В а р в а р а А р х и п о в н а. Она цепляется за твои ноги каждой травинкой… веткой… Кустом… Летящей в лицо птицей.
Н и к и т а (как завороженный). Да, да, я понимаю. Я, кажется, знаю это…
В а р в а р а А р х и п о в н а (тише). Что ты можешь знать? Знать про те горы… где самая малая — выше нашего неба и самой дальней звезды.
Н и к и т а. Не надо…
В а р в а р а А р х и п о в н а (властно). Где нет ничего, кроме исполинского грохочущего, морозного костра! К которому ты бежишь со всех ног, чтобы успеть подбросить себя как старую высохшую ольху… Где нет ни рая, ни ада! А только ты, которая взрывалась на ветру, последним вздохом заполняешь собой весь мир…
Н и к и т а. Да, материнская рука — это лучшее лекарство…

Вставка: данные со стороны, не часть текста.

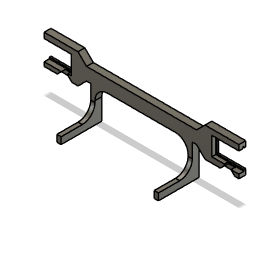
Camera Mount v7 (Autodesk Fusion 360 design; units mm, degrees)
Autodesk Fusion 360 part; units mm, degrees
sketch "Sketch1" plane through (0, 0, 0) normal (0, 0, 1) x (1, 0, 0)
  line L0 (0, 0) -> (-150, 0)
  line L1 (-150, 0) -> (-150, 15)
  line L2 (-150, 15) -> (0, 15)
  line L3 (0, 15) -> (0, 0)
  line L4 (-150, -10) -> (-158, -10)
  line L5 (-158, -10) -> (-158, 25)
  line L6 (-158, 25) -> (-150, 25)
  line L7 (-150, 25) -> (-150, -10)
  line L8 (-158, -5) -> (-188, -5)
  line L9 (-188, -5) -> (-188, 20)
  line L10 (-188, 20) -> (-158, 20)
  line L11 (-158, 20) -> (-158, -5)
  line L12 (-158, -10) -> (-190, -10)
  line L13 (-190, -10) -> (-190, -3.5)
  line L14 (-190, -3.5) -> (-158, -3.5)
  line L15 (-158, -3.5) -> (-158, -10)
  line L16 (-158, 25) -> (-190, 25)
  line L17 (-190, 25) -> (-190, 18.5)
  line L18 (-190, 18.5) -> (-158, 18.5)
  line L19 (-158, 18.5) -> (-158, 25)
  line L20 (0, 25) -> (8, 25)
  line L21 (8, 25) -> (8, -10)
  line L22 (8, -10) -> (0, -10)
  line L23 (0, -10) -> (0, 25)
  line L24 (8, 25) -> (40, 25)
  line L25 (40, 25) -> (40, 18.5)
  line L26 (40, 18.5) -> (8, 18.5)
  line L27 (8, 18.5) -> (8, 25)
  line L28 (8, -10) -> (40, -10)
  line L29 (40, -10) -> (40, -3.5)
  line L30 (40, -3.5) -> (8, -3.5)
  line L31 (8, -3.5) -> (8, -10)
  dimension "d1" = 150
  dimension "d2" = 15
  dimension "d3" = 8
  dimension "d4" = 35
  dimension "d5" = 10
  dimension "d6" = 30
  dimension "d7" = 25
  dimension "d8" = 5
  dimension "d9" = 6.5
  dimension "d10" = 32
  dimension "d11" = 32
  dimension "d12" = 6.5
  dimension "d13" = 8
  dimension "d14" = 35
  dimension "d15" = 10
  dimension "d16" = 32
  dimension "d17" = 6.5
  dimension "d18" = 32
  dimension "d19" = 6.5
  constraint horizontal L0
  constraint vertical L1
  constraint horizontal L2
  constraint vertical L3
  constraint coincident L0.start L3.end
  constraint horizontal L4
  constraint vertical L5
  constraint horizontal L6
  constraint vertical L7
  constraint horizontal L8
  constraint vertical L9
  constraint horizontal L10
  constraint vertical L11
  constraint coincident L5 L8.start
  constraint horizontal L12
  constraint vertical L13
  constraint horizontal L14
  constraint vertical L15
  constraint horizontal L16
  constraint vertical L17
  constraint horizontal L18
  constraint vertical L19
  constraint horizontal L20
  constraint vertical L21
  constraint horizontal L22
  constraint vertical L23
  constraint horizontal L24
  constraint vertical L25
  constraint horizontal L26
  constraint vertical L27
  constraint horizontal L28
  constraint vertical L29
  constraint horizontal L30
  constraint vertical L31
  measures "d1" distance of L0.start L0.end
  measures "d2" distance of L0.end L1.end
  measures "d3" distance of L4.start L4.end
  measures "d4" distance of L4.start L6.end
  measures "d5" distance of L2 L6
  measures "d6" distance of L8.start L8.end
  measures "d7" distance of L8.start L10.end
  measures "d8" distance of L2 L10
  measures "d9" distance of L4.end L14.end
  measures "d10" distance of L4.end L12.end
  measures "d11" distance of L5.end L16.end
  measures "d12" distance of L5.end L18.end
  measures "d13" distance of L20.start L20.end
  measures "d14" distance of L20.start L22.end
  measures "d15" distance of L2 L20
  measures "d16" distance of L20.end L24.end
  measures "d17" distance of L20.end L26.end
  measures "d18" distance of L21.end L28.end
  measures "d19" distance of L21.end L30.end
extrude "Extrude1" add sketch "Sketch1" along normal blind 8 contours L0 L1 L2 L3 L7 L23 | L3 L20 L21 L22 L23 L27 L31 | L1 L4 L5 L6 L7 L11 L15 L19 | L21 L28 L29 L30 L31 | L5 L8 L9 L12 L13 L14 L15 | L21 L24 L25 L26 L27 | L5 L9 L10 L16 L17 L18 L19 | L5 L8 L9 L11 L14 L15 | L5 L9 L10 L11 L18 L19
sketch "Sketch2" plane through (-190, 0, 0) normal (-1, 0, 0) x (0, 0, 1)
  line L0 (0, -3.5) -> (0, -10)
  line L1 (0, -10) -> (8, -10)
  line L2 (8, -10) -> (8, -3.5)
  line L3 (8, -3.5) -> (0, -3.5)
  line L4 (2, -3.5) -> (3.25, -3.5)
  line L5 (3.25, -3.5) -> (3.25, -5.25)
  line L6 (3.25, -5.25) -> (2, -5.25)
  line L7 (2, -5.25) -> (2, -3.5)
  line L8 (2, 18.5) -> (3.25, 18.5)
  line L9 (3.25, 18.5) -> (3.25, 20.25)
  line L10 (3.25, 20.25) -> (2, 20.25)
  line L11 (2, 20.25) -> (2, 18.5)
  dimension "d22" = 1.25
  dimension "d23" = 1.75
  dimension "d24" = 1.25
  dimension "d25" = 1.75
  dimension "d26" = 22
  dimension "d27" = 2
  constraint horizontal L4
  constraint vertical L5
  constraint horizontal L6
  constraint vertical L7
  constraint coincident L3 L4.start
  constraint horizontal L8
  constraint vertical L9
  constraint horizontal L10
  constraint vertical L11
  measures "d22" distance of L4.start L4.end
  measures "d23" distance of L4.start L6.end
  measures "d24" distance of L8.start L8.end
  measures "d25" distance of L8.start L10.end
  measures "d26" distance of L4 L8
  measures "d27" distance of L0 L7
extrude "Extrude2" cut sketch "Sketch2" against normal blind 32 contours L3 L4 L5 L6 L7 | L8 L9 L10 L11
sketch "Sketch3" plane through (-158, 0, 0) normal (-1, 0, 0) x (0, 0, 1)
  line L0 (0, 18.5) -> (0, -3.5)
  line L1 (0, -3.5) -> (2, -3.5)
  line L2 (2, -3.5) -> (2, -5.25)
  line L3 (2, -5.25) -> (3.25, -5.25)
  line L4 (3.25, -5.25) -> (3.25, -3.5)
  line L5 (3.25, -3.5) -> (8, -3.5)
  line L6 (8, -3.5) -> (8, 18.5)
  line L7 (8, 18.5) -> (3.25, 18.5)
  line L8 (3.25, 18.5) -> (3.25, 20.25)
  line L9 (3.25, 20.25) -> (2, 20.25)
  line L10 (2, 20.25) -> (2, 18.5)
  line L11 (2, 18.5) -> (0, 18.5)
  line L12 (2, -5.25) -> (3.25, -5.25)
  line L13 (3.25, -5.25) -> (3.25, 20.25)
  line L14 (3.25, 20.25) -> (2, 20.25)
  line L15 (2, 20.25) -> (2, -5.25)
  constraint horizontal L12
  constraint vertical L13
  constraint horizontal L14
  constraint vertical L15
  constraint coincident L8.end L9.start
  constraint coincident L2.end L3.start
extrude "Extrude3" cut sketch "Sketch3" against normal blind 1.5 contours L2 L3 L4 L8 L9 L10 L12 L13 L14 L15
sketch "Sketch4" plane through (40, 0, 0) normal (1, 0, 0) x (0, 0, -1)
  line L0 (0, -10) -> (0, -3.5)
  line L1 (0, -3.5) -> (-8, -3.5)
  line L2 (-8, -3.5) -> (-8, -10)
  line L3 (-8, -10) -> (0, -10)
  line L4 (-2, -3.5) -> (-3.25, -3.5)
  line L5 (-3.25, -3.5) -> (-3.25, -5.25)
  line L6 (-3.25, -5.25) -> (-2, -5.25)
  line L7 (-2, -5.25) -> (-2, -3.5)
  line L8 (-3.25, 18.5) -> (-2, 18.5)
  line L9 (-2, 18.5) -> (-2, 20.25)
  line L10 (-2, 20.25) -> (-3.25, 20.25)
  line L11 (-3.25, 20.25) -> (-3.25, 18.5)
  line L12 (-2, -5.25) -> (-2, 20.25)
  dimension "d32" = 1.25
  dimension "d33" = 1.75
  dimension "d34" = 2
  dimension "d35" = 1.25
  dimension "d36" = 1.75
  dimension "d37" = 22
  constraint horizontal L4
  constraint vertical L5
  constraint horizontal L6
  constraint vertical L7
  constraint coincident L1 L4.start
  constraint horizontal L8
  constraint vertical L9
  constraint horizontal L10
  constraint vertical L11
  constraint coincident L8.end L12
  measures "d32" distance of L4.start L4.end
  measures "d33" distance of L4.start L6.end
  measures "d34" distance of L0 L7
  measures "d35" distance of L8.start L8.end
  measures "d36" distance of L8.start L10.end
  measures "d37" distance of L4 L8
extrude "Extrude4" cut sketch "Sketch4" against normal blind 32 contours L1 L4 L5 L6 L7 L12 | L8 L9 L10 L11 L12
sketch "Sketch5" plane through (8, 0, 0) normal (1, 0, 0) x (0, 0, -1)
  line L0 (0, -3.5) -> (0, 18.5)
  line L1 (0, 18.5) -> (-2, 18.5)
  line L2 (-2, 18.5) -> (-2, 20.25)
  line L3 (-2, 20.25) -> (-3.25, 20.25)
  line L4 (-3.25, 20.25) -> (-3.25, 18.5)
  line L5 (-3.25, 18.5) -> (-8, 18.5)
  line L6 (-8, 18.5) -> (-8, -3.5)
  line L7 (-8, -3.5) -> (-3.25, -3.5)
  line L8 (-3.25, -3.5) -> (-3.25, -5.25)
  line L9 (-3.25, -5.25) -> (-2, -5.25)
  line L10 (-2, -5.25) -> (-2, -3.5)
  line L11 (-2, -3.5) -> (0, -3.5)
  line L12 (-3.25, 20.25) -> (-2, 20.25)
  line L13 (-2, 20.25) -> (-2, -5.25)
  line L14 (-2, -5.25) -> (-3.25, -5.25)
  line L15 (-3.25, -5.25) -> (-3.25, 20.25)
  constraint horizontal L12
  constraint vertical L13
  constraint horizontal L14
  constraint vertical L15
  constraint coincident L9.end L10.start
  constraint coincident L3.end L4.start
extrude "Extrude5" cut sketch "Sketch5" against normal blind 1.75 contours L2 L3 L4 L8 L9 L10 L12 L13 L14 L15
extrude "Extrude6" cut 1 faces at (-156.5, 11.75, 2.4167) along direction (1, 0, 0) blind 0.25
sketch "Sketch6" plane through (-190, 0, 0) normal (-1, 0, 0) x (0, 0, 1)
  line L0 (2, -5.25) -> (2, -3.5)
  line L1 (2, -3.5) -> (0, -3.5)
  line L2 (0, -3.5) -> (0, -10)
  line L3 (0, -10) -> (8, -10)
  line L4 (8, -10) -> (8, -3.5)
  line L5 (8, -3.5) -> (3.25, -3.5)
  line L6 (3.25, -3.5) -> (3.25, -5.25)
  line L7 (3.25, -5.25) -> (2, -5.25)
  line L8 (3.25, -5.25) -> (8, -5.25)
  line L9 (8, -5.25) -> (8, -3.5)
  line L10 (8, -3.5) -> (3.25, -3.5)
  line L11 (3.25, -3.5) -> (3.25, -5.25)
  constraint horizontal L8
  constraint vertical L9
  constraint horizontal L10
  constraint vertical L11
  constraint coincident L4.end L5.start
  constraint coincident L6.end L7.start
extrude "Extrude7" cut sketch "Sketch6" against normal blind 27.85 contours L4 L5 L6 L8 L9 L10 L11
sketch "Sketch7" plane through (40, 0, 0) normal (1, 0, 0) x (0, 0, -1)
  line L0 (-2, -3.5) -> (-2, -5.25)
  line L1 (-2, -5.25) -> (-3.25, -5.25)
  line L2 (-3.25, -5.25) -> (-3.25, -3.5)
  line L3 (-3.25, -3.5) -> (-8, -3.5)
  line L4 (-8, -3.5) -> (-8, -10)
  line L5 (-8, -10) -> (0, -10)
  line L6 (0, -10) -> (0, -3.5)
  line L7 (0, -3.5) -> (-2, -3.5)
  line L8 (-3.25, -5.25) -> (-8, -5.25)
  line L9 (-8, -5.25) -> (-8, -3.5)
  line L10 (-8, -3.5) -> (-3.25, -3.5)
  line L11 (-3.25, -3.5) -> (-3.25, -5.25)
  constraint horizontal L8
  constraint vertical L9
  constraint horizontal L10
  constraint vertical L11
  constraint coincident L3.end L4.start
  constraint coincident L1.end L2.start
extrude "Extrude8" cut sketch "Sketch7" against normal blind 13.2 contours L2 L3 L4 L8 L9 L10 L11
extrude "Extrude9" cut 1 faces at (26.8, -4.6667, 4.8333) along direction (-1, 0, 0) blind 0.1
extrude "Extrude10" cut 1 faces at (26.7, -4.6667, 4.8333) along direction (-1, 0, 0) blind 0.1
extrude "Extrude11" cut 1 faces at (-162.15, -4.0833, 4.8333) along direction (1, 0, 0) blind 0.1
sketch "Sketch8" plane through (0, -5.25, 0) normal (0, 1, 0) x (-1, 0, 0)
  line L0 (-40, 8) -> (-40, 2)
  line L1 (-40, 2) -> (-6.25, 2)
  line L2 (-6.25, 2) -> (-6.25, 3.25)
  line L3 (-6.25, 3.25) -> (-26.6, 3.25)
  line L4 (-26.6, 3.25) -> (-26.6, 8)
  line L5 (-26.6, 8) -> (-40, 8)
  line L6 (-26.6, 3.25) -> (-34.1, 3.25)
  line L7 (-34.1, 3.25) -> (-34.1, 8)
  line L8 (-34.1, 8) -> (-26.6, 8)
  line L9 (-26.6, 8) -> (-26.6, 3.25)
  dimension "d54" = 7.5
  constraint horizontal L6
  constraint vertical L7
  constraint horizontal L8
  constraint vertical L9
  constraint coincident L3.end L4.start
  constraint coincident L5 L7.end
  measures "d54" distance of L3.end L6.end
extrude "Extrude12" cut sketch "Sketch8" against normal blind 9 contours L4 L5 L6 L7 L8 L9
sketch "Sketch9" plane through (0, -5.25, 0) normal (0, 1, 0) x (-1, 0, 0)
  line L0 (190, 2) -> (190, 8)
  line L1 (190, 8) -> (162.05, 8)
  line L2 (162.05, 8) -> (162.05, 3.25)
  line L3 (162.05, 3.25) -> (156.25, 3.25)
  line L4 (156.25, 3.25) -> (156.25, 2)
  line L5 (156.25, 2) -> (190, 2)
  line L6 (162.05, 3.25) -> (169.55, 3.25)
  line L7 (169.55, 3.25) -> (169.55, 8)
  line L8 (169.55, 8) -> (162.05, 8)
  line L9 (162.05, 8) -> (162.05, 3.25)
  dimension "d57" = 7.5
  constraint horizontal L6
  constraint vertical L7
  constraint horizontal L8
  constraint vertical L9
  constraint coincident L1 L7.end
  constraint coincident L2.end L3.start
  measures "d57" distance of L2.end L6.end
extrude "Extrude13" cut sketch "Sketch9" against normal blind 6 contours L1 L2 L6 L7 L8 L9
extrude "Extrude18" cut 1 faces at (26.6, -6.25, 6.4167) along direction (-1, 0, 0) blind 2
extrude "Extrude19" add 1 faces at (34.1, -6.8333, 4.8333) along direction (-1, 0, 0) blind 2
extrude "Extrude20" cut 1 faces at (24.6, -6.25, 6.4167) along direction (-1, 0, 0) blind 1.75
extrude "Extrude21" add 1 faces at (32.1, -6.8333, 4.8333) along direction (-1, 0, 0) blind 1.75
extrude "Extrude22" cut 1 faces at (30.35, -6.8333, 4.8333) along direction (1, 0, 0) blind 0.2
extrude "Extrude23" cut 1 faces at (-169.55, -6.8333, 4.8333) along direction (-1, 0, 0) blind 0.1
extrude "Extrude24" cut 1 faces at (-162.05, -6.25, 6.4167) along direction (1, 0, 0) blind 0.1
sketch "Sketch14" plane through (0, 0, 8) normal (0, 0, 1) x (1, 0, 0)
  line L0 (-161.95, -3.5) -> (-161.95, -10)
  line L1 (-161.95, -10) -> (-150, -10)
  line L2 (-150, -10) -> (-150, 0)
  line L3 (-150, 0) -> (0, 0)
  line L4 (0, 0) -> (0, -10)
  line L5 (0, -10) -> (22.85, -10)
  line L6 (22.85, -10) -> (22.85, -3.5)
  line L7 (22.85, -3.5) -> (8, -3.5)
  line L8 (8, -3.5) -> (8, 18.5)
  line L9 (8, 18.5) -> (40, 18.5)
  line L10 (40, 18.5) -> (40, 25)
  line L11 (40, 25) -> (0, 25)
  line L12 (0, 25) -> (0, 15)
  line L13 (0, 15) -> (-150, 15)
  line L14 (-150, 15) -> (-150, 25)
  line L15 (-150, 25) -> (-190, 25)
  line L16 (-190, 25) -> (-190, 18.5)
  line L17 (-190, 18.5) -> (-158, 18.5)
  line L18 (-158, 18.5) -> (-158, -3.5)
  line L19 (-158, -3.5) -> (-161.95, -3.5)
  line L20 (22.85, -5.25) -> (22.85, -10)
  line L21 (22.85, -10) -> (18.1, -10)
  line L22 (22.85, -5.25) -> (18.1, -10)
  dimension "d89" = 4.75
  dimension "d90" = 4.75
  constraint coincident L6 L20.start
  constraint coincident L5.end L6.start
  constraint perpendicular L5 L20
  constraint perpendicular L6 L21
  measures "d89" distance of L20.start L5.end
  measures "d90" distance of L5.end L21.end
extrude "Extrude25" cut sketch "Sketch14" against normal blind 4.75 contours L5 L6 L20 L21 L22
sketch "Sketch15" plane through (0, 0, 8) normal (0, 0, 1) x (1, 0, 0)
  line L0 (30.55, -5.25) -> (30.55, -10)
  line L1 (30.55, -10) -> (40, -10)
  line L2 (40, -10) -> (40, -5.25)
  line L3 (40, -5.25) -> (30.55, -5.25)
  line L4 (30.55, -5.25) -> (30.55, -10)
  line L5 (30.55, -10) -> (35.3, -10)
  line L6 (30.55, -5.25) -> (35.3, -10)
  dimension "d93" = 4.75
  constraint coincident L0.start L3.end
  constraint coincident L0.end L1.start
  constraint perpendicular L0 L5
  measures "d93" distance of L0.end L5.end
extrude "Extrude26" cut sketch "Sketch15" against normal blind 4.75 contours L0 L1 L4 L5 L6
sketch "Sketch16" plane through (0, 0, 8) normal (0, 0, 1) x (1, 0, 0)
  line L0 (-169.65, -10) -> (-169.65, -5.25)
  line L1 (-169.65, -5.25) -> (-190, -5.25)
  line L2 (-190, -5.25) -> (-190, -10)
  line L3 (-190, -10) -> (-169.65, -10)
  line L4 (-169.65, -5.25) -> (-169.65, -10)
  line L5 (-169.65, -10) -> (-174.4, -10)
  line L6 (-174.4, -10) -> (-169.65, -5.25)
  dimension "d60" = 4.75
  dimension "d61" = 4.75
  dimension "d96" = 4.75
  constraint coincident L0.end L1.start
  constraint coincident L0.start L3.end
  constraint perpendicular L4 L5
  measures "d96" distance of L0.start L5.end
extrude "Extrude27" cut sketch "Sketch16" against normal blind 4.75 contours L0 L3 L4 L5 L6
sketch "Sketch17" plane through (0, 0, 8) normal (0, 0, 1) x (1, 0, 0)
  line L0 (18.1, -10) -> (22.85, -5.25)
  line L1 (22.85, -5.25) -> (22.85, -3.5)
  line L2 (22.85, -3.5) -> (8, -3.5)
  line L3 (8, -3.5) -> (8, 18.5)
  line L4 (8, 18.5) -> (40, 18.5)
  line L5 (40, 18.5) -> (40, 25)
  line L6 (40, 25) -> (0, 25)
  line L7 (0, 25) -> (0, 15)
  line L8 (0, 15) -> (-150, 15)
  line L9 (-150, 15) -> (-150, 25)
  line L10 (-150, 25) -> (-190, 25)
  line L11 (-190, 25) -> (-190, 18.5)
  line L12 (-190, 18.5) -> (-158, 18.5)
  line L13 (-158, 18.5) -> (-158, -3.5)
  line L14 (-158, -3.5) -> (-161.95, -3.5)
  line L15 (-161.95, -3.5) -> (-161.95, -10)
  line L16 (-161.95, -10) -> (-150, -10)
  line L17 (-150, -10) -> (-150, 0)
  line L18 (-150, 0) -> (0, 0)
  line L19 (0, 0) -> (0, -10)
  line L20 (0, -10) -> (18.1, -10)
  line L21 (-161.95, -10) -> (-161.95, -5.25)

В а р в а р а А р х и п о в н а. Найди силы не отказываться от жизни. Позаботься, пожалуйста, об этом мире сам. Как всю жизнь он худо ли, хорошо ли заботился о тебе.
Н и к и т а (после паузы, почти виновато). Каким же мог быть ваш настоящий сын?
В а р в а р а А р х и п о в н а. Не знаю. Иногда мне хочется встать на колени посреди улицы и попросить у всех прощения. Особенно у молодых. Почему я сама была так слаба? Почему знала так мало? Почему была труслива и жалка? Почему обещала людям так много дешевого, легкомысленного счастья?! Почему говорила с ними не так и не о том?..
Н и к и т а (пораженный). Вы? Именно вы?..
В а р в а р а А р х и п о в н а. Да, я… Мир меняется не от ветра и не от землетрясений. И если очищать его, то очищать надо в первую очередь самого себя. Ни один вопрос на земле не может быть задан кому-то! Он должен быть задан самому себе. (Положила руку ему на грудь.) Все ответы, все силы… И все решения.
Н и к и т а (как эхо). Здесь?
В а р в а р а А р х и п о в н а (тихо, как заговор). Только здесь, мой мальчик!
Н и к и т а (после паузы). Я… кажется… хочу заснуть…
Варвара Архиповна кивает головой, и Никита закрывает глаза. Первый раз мы видим удивленное от облегчения и ясности лицо. Спокойное и сильное лицо человека, которому нужно долго жить.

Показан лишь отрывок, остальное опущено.